Somewhere below are a line with "#125=FACE_BOUND('',#124,.T.);" and a later line with "#149=DIRECTION('',(0.,0.,1.));". Output exactly those lines and all lines between them.
SOURCE DATA START
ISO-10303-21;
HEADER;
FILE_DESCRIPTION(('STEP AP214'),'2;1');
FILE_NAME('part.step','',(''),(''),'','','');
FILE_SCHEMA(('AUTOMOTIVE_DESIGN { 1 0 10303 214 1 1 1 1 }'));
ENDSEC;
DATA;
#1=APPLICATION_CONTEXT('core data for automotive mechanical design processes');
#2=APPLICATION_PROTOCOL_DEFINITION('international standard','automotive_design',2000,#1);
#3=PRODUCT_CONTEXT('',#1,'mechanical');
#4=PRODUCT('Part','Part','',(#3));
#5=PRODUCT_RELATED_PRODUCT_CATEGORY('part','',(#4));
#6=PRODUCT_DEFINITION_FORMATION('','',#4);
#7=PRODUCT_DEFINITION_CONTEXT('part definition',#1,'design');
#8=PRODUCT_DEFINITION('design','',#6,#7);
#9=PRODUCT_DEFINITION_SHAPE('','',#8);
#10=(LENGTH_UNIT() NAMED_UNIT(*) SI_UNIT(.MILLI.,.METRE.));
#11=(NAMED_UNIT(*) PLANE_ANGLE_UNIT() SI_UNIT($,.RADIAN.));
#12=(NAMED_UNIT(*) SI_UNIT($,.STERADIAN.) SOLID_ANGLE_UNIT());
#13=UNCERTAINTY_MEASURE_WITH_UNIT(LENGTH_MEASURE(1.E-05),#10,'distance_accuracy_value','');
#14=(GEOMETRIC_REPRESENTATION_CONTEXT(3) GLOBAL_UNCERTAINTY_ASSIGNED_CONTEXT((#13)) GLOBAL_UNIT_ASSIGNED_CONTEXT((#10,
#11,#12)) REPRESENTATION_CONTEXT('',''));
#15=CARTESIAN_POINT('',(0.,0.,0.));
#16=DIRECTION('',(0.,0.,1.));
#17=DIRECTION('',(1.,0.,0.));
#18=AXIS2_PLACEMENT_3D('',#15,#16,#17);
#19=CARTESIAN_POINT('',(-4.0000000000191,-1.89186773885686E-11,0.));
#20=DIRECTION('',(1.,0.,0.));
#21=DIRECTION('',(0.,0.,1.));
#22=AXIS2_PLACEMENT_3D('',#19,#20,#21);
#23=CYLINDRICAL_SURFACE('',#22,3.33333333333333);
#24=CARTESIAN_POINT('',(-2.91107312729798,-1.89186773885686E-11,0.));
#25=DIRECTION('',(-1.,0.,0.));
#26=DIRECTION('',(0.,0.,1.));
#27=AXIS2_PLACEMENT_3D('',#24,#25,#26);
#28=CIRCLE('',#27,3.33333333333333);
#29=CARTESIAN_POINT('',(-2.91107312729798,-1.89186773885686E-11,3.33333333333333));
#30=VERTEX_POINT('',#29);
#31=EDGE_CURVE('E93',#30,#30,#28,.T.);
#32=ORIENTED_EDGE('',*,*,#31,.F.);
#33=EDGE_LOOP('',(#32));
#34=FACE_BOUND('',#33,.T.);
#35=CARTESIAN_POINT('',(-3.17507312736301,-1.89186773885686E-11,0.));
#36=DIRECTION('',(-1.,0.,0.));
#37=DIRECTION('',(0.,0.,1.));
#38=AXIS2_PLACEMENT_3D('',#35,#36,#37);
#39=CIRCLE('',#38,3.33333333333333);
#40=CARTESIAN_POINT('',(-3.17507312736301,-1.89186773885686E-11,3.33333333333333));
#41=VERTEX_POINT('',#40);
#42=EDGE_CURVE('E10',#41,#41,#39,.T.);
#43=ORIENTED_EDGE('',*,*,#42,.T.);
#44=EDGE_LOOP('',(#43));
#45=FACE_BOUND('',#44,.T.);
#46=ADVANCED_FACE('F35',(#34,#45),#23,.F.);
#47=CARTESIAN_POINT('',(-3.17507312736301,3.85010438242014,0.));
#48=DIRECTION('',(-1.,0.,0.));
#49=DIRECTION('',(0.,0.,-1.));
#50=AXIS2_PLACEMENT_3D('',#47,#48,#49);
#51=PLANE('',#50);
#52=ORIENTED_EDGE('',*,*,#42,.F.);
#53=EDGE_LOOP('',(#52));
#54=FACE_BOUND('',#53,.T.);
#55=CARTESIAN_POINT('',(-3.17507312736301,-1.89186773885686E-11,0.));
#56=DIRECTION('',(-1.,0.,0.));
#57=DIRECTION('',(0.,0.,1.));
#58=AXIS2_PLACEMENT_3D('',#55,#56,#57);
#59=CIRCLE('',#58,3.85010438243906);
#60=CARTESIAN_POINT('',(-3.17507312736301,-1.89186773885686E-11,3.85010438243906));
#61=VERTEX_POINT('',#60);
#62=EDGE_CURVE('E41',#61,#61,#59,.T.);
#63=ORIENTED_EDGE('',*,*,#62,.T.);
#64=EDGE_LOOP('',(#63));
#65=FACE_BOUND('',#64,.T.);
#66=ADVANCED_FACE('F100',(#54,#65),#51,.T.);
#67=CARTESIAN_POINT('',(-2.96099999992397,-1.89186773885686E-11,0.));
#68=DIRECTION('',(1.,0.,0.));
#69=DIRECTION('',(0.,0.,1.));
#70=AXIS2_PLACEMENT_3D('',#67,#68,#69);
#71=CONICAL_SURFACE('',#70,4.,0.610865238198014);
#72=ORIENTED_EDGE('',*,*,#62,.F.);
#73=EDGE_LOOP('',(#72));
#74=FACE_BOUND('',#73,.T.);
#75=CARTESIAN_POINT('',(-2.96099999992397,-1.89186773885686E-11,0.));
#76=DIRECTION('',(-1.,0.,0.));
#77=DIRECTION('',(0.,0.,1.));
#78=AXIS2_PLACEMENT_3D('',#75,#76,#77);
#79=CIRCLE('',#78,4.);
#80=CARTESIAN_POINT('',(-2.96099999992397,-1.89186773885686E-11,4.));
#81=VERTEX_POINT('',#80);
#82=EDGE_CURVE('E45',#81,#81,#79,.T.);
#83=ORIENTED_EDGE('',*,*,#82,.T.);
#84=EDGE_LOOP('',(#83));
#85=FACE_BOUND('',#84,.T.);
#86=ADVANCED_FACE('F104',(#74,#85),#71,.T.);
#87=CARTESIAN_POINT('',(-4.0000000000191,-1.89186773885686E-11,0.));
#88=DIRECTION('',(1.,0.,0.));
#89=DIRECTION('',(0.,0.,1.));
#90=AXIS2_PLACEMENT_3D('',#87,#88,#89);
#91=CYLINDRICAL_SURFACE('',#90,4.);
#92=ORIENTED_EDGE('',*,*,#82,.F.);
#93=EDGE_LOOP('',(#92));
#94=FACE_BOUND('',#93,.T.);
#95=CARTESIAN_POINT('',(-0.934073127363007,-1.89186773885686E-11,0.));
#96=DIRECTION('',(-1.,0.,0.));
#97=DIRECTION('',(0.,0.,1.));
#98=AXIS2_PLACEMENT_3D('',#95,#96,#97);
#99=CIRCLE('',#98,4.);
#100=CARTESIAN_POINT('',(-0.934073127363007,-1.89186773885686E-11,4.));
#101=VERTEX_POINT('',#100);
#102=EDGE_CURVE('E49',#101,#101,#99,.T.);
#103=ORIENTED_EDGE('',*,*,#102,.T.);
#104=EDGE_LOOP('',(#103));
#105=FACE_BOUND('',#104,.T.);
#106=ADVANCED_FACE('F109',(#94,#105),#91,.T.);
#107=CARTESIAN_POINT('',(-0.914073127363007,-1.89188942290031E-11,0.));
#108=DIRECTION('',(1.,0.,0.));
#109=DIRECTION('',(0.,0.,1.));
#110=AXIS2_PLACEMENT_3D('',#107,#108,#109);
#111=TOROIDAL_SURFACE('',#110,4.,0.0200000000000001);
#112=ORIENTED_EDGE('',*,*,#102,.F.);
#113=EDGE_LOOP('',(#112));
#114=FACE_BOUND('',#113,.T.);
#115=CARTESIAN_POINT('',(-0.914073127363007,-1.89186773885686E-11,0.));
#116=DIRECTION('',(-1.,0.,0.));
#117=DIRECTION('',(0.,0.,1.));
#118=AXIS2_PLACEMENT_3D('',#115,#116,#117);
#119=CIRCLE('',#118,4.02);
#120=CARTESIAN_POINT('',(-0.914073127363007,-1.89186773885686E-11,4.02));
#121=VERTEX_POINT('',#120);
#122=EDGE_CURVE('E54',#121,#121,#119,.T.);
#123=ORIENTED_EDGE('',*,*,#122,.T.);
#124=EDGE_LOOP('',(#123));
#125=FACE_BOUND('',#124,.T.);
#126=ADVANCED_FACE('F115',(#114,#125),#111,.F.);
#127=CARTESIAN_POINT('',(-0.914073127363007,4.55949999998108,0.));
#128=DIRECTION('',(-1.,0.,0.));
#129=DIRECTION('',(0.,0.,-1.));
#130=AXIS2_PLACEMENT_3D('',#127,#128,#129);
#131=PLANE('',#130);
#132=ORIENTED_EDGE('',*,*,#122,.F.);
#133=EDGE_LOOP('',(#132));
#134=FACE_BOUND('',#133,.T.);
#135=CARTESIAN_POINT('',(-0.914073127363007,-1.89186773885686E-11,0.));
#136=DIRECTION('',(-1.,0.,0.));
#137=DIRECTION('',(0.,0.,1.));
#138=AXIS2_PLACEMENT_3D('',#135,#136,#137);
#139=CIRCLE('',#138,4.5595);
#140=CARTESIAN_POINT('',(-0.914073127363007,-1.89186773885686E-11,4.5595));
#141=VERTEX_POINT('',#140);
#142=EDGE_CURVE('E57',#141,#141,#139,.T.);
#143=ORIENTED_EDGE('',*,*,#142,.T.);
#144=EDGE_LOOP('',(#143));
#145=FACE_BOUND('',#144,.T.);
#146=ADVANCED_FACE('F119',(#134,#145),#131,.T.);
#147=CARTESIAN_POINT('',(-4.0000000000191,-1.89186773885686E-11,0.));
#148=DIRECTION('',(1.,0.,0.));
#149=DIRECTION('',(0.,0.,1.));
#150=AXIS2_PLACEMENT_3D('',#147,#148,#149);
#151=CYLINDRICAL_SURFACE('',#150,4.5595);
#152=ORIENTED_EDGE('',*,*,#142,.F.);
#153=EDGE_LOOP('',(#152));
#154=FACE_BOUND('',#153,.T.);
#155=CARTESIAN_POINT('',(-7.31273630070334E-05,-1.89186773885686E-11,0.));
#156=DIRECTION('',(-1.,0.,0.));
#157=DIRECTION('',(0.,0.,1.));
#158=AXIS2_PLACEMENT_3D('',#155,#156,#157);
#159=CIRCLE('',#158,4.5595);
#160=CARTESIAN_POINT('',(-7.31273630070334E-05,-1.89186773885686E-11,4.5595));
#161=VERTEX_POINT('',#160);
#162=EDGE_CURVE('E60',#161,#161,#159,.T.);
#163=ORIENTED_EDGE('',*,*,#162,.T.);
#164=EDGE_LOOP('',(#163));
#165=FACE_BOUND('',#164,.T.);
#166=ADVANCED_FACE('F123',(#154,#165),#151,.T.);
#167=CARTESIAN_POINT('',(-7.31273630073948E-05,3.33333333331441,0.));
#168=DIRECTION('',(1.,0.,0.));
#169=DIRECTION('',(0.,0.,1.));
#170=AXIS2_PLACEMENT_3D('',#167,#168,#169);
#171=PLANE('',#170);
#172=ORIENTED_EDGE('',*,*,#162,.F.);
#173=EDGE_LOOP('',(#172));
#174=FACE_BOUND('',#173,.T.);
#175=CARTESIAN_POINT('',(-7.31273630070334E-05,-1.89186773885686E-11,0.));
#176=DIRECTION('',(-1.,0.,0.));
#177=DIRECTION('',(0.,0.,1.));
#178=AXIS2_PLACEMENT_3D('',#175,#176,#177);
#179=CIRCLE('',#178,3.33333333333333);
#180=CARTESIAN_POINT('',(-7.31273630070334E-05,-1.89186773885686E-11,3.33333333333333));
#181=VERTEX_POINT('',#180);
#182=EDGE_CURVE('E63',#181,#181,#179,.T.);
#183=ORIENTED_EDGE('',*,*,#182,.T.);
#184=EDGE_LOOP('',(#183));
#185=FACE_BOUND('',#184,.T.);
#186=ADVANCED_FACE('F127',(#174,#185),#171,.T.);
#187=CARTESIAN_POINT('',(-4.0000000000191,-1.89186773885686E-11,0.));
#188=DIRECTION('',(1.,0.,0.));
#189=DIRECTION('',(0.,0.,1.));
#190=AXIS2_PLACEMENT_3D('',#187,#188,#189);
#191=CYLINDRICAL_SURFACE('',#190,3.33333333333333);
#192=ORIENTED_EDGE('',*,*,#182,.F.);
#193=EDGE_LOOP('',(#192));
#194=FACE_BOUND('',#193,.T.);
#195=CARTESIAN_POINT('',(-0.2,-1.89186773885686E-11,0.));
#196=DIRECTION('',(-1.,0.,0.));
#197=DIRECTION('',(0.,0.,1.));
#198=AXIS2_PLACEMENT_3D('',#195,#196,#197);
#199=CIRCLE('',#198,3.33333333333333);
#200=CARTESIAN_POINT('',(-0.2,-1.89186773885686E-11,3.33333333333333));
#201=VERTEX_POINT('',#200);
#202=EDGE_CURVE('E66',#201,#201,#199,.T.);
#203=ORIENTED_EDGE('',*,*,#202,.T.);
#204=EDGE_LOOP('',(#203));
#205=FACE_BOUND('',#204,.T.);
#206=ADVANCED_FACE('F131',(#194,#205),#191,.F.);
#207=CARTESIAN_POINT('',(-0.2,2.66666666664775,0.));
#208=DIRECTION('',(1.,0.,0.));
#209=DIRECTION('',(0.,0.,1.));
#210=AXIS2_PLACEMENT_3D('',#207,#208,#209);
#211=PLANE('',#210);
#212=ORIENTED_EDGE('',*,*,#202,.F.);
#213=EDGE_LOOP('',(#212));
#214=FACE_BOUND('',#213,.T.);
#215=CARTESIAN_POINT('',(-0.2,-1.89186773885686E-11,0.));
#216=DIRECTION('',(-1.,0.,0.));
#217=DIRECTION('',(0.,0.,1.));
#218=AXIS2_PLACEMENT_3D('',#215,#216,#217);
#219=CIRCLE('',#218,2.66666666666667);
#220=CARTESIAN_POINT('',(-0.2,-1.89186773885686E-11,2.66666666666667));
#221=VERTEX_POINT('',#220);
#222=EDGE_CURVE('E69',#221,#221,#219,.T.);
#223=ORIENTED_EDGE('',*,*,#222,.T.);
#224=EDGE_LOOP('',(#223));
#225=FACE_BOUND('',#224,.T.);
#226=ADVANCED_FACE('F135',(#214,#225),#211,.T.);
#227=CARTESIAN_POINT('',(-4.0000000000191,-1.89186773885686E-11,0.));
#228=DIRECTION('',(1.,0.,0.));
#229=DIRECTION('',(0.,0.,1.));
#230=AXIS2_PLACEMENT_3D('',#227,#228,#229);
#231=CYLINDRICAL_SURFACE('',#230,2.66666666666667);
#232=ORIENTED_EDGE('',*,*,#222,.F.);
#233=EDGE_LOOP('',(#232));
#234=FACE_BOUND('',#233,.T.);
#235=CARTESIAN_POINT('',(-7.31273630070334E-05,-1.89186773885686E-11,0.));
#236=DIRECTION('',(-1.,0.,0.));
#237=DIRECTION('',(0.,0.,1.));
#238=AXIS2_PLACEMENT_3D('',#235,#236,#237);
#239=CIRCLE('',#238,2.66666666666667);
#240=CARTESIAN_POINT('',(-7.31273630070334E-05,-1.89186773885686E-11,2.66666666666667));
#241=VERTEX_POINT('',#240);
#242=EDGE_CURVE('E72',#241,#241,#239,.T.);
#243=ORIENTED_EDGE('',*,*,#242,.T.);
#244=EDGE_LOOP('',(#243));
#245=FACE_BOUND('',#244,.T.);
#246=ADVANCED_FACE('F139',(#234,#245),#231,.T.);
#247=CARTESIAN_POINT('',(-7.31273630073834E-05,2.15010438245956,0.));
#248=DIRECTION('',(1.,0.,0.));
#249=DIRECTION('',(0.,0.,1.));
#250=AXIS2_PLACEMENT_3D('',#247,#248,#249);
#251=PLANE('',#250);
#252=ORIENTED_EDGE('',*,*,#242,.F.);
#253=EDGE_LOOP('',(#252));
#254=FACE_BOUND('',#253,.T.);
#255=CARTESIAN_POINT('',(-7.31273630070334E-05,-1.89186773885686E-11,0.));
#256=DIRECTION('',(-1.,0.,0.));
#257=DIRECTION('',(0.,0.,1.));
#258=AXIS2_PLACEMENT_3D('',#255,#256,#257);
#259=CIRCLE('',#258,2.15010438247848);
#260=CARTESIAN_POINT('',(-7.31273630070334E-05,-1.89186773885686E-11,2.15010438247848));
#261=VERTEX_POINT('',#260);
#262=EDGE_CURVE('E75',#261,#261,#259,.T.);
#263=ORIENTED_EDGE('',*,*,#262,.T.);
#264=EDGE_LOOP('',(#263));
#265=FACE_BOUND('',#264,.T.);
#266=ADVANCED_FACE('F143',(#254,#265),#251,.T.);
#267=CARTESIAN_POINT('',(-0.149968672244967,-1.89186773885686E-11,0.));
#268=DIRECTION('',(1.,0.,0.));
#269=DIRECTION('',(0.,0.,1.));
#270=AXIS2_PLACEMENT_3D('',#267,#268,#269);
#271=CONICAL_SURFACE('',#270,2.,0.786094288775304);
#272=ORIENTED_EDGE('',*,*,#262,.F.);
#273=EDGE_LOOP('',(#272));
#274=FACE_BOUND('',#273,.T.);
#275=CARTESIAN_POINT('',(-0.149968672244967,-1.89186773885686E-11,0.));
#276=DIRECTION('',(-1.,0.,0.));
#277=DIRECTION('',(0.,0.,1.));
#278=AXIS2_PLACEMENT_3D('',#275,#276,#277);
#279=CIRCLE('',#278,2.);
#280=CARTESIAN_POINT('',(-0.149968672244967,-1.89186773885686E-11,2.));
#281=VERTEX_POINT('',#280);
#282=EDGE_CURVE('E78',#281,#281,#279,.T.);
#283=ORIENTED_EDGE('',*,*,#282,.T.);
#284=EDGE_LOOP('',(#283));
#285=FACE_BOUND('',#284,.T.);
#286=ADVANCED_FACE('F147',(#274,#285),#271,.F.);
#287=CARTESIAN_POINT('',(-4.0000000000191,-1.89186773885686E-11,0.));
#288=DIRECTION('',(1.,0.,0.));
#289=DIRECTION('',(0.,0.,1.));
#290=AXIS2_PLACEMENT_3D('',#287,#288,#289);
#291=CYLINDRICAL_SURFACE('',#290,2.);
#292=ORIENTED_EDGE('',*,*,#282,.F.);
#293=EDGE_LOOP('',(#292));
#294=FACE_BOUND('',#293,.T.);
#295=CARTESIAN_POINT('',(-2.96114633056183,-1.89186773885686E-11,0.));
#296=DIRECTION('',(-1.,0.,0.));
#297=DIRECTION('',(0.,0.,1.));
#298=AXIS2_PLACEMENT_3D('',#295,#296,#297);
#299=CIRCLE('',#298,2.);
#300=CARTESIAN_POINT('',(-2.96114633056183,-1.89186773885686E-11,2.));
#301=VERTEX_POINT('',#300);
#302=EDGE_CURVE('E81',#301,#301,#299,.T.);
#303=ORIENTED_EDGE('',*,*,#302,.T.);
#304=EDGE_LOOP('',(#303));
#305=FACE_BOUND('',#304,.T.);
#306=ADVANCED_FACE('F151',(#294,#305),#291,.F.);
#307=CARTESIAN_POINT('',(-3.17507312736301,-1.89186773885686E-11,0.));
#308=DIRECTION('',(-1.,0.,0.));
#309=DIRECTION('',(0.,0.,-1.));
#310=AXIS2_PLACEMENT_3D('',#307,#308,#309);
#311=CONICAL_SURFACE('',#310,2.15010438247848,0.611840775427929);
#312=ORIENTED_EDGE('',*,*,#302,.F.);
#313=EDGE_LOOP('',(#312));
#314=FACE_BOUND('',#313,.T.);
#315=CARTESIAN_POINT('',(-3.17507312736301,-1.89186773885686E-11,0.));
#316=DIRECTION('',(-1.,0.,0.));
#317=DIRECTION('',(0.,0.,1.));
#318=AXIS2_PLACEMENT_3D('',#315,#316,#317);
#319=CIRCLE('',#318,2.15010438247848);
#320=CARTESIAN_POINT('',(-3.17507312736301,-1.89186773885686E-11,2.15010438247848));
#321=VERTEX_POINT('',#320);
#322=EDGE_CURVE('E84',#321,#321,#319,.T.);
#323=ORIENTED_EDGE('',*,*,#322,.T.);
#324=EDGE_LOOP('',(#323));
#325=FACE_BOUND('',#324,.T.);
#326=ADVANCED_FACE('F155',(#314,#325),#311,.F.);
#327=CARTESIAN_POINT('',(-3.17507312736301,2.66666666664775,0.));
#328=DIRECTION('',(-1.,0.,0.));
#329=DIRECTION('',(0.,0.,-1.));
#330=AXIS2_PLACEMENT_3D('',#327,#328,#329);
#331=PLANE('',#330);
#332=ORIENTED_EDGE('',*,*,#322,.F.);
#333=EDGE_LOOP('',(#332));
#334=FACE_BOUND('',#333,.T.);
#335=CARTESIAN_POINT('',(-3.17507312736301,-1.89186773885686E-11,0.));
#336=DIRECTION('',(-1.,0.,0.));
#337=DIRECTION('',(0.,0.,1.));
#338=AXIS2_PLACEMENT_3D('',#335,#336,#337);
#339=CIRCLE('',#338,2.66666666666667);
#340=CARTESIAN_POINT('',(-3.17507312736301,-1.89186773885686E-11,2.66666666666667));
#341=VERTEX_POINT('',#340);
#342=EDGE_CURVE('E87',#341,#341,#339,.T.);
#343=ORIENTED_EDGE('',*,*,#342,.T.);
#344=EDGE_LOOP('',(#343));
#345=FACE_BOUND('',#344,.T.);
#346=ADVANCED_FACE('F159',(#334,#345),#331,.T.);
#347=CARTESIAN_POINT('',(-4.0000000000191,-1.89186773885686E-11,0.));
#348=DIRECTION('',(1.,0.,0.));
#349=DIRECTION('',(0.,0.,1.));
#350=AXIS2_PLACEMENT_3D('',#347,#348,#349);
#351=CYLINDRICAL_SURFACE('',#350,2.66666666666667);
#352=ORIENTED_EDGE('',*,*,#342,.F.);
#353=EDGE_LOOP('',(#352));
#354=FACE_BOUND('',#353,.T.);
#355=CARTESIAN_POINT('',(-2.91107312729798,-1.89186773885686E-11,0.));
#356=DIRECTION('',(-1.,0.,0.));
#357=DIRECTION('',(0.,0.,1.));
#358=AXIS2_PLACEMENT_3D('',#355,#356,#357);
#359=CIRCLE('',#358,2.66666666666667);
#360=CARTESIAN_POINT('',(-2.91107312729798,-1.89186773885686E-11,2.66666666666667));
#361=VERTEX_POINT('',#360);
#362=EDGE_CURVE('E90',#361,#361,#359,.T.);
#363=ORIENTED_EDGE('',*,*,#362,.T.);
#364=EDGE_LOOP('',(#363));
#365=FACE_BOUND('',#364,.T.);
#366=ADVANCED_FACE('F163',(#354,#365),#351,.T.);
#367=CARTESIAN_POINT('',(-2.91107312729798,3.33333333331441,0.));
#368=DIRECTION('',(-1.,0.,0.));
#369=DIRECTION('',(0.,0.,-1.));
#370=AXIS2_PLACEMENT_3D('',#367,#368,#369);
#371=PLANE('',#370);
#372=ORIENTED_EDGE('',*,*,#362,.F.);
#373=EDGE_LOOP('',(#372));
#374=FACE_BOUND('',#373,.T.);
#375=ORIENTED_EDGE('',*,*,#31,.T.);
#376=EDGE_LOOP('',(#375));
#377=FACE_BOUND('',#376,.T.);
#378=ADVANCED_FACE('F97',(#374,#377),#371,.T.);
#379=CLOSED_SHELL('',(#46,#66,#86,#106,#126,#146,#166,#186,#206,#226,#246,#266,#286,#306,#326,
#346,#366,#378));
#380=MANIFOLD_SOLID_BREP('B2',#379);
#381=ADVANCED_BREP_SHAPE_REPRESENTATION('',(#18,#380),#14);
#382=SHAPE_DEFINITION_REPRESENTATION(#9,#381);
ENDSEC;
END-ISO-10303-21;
SOURCE DATA END
FINAL ANSWER -
#125=FACE_BOUND('',#124,.T.);
#126=ADVANCED_FACE('F115',(#114,#125),#111,.F.);
#127=CARTESIAN_POINT('',(-0.914073127363007,4.55949999998108,0.));
#128=DIRECTION('',(-1.,0.,0.));
#129=DIRECTION('',(0.,0.,-1.));
#130=AXIS2_PLACEMENT_3D('',#127,#128,#129);
#131=PLANE('',#130);
#132=ORIENTED_EDGE('',*,*,#122,.F.);
#133=EDGE_LOOP('',(#132));
#134=FACE_BOUND('',#133,.T.);
#135=CARTESIAN_POINT('',(-0.914073127363007,-1.89186773885686E-11,0.));
#136=DIRECTION('',(-1.,0.,0.));
#137=DIRECTION('',(0.,0.,1.));
#138=AXIS2_PLACEMENT_3D('',#135,#136,#137);
#139=CIRCLE('',#138,4.5595);
#140=CARTESIAN_POINT('',(-0.914073127363007,-1.89186773885686E-11,4.5595));
#141=VERTEX_POINT('',#140);
#142=EDGE_CURVE('E57',#141,#141,#139,.T.);
#143=ORIENTED_EDGE('',*,*,#142,.T.);
#144=EDGE_LOOP('',(#143));
#145=FACE_BOUND('',#144,.T.);
#146=ADVANCED_FACE('F119',(#134,#145),#131,.T.);
#147=CARTESIAN_POINT('',(-4.0000000000191,-1.89186773885686E-11,0.));
#148=DIRECTION('',(1.,0.,0.));
#149=DIRECTION('',(0.,0.,1.));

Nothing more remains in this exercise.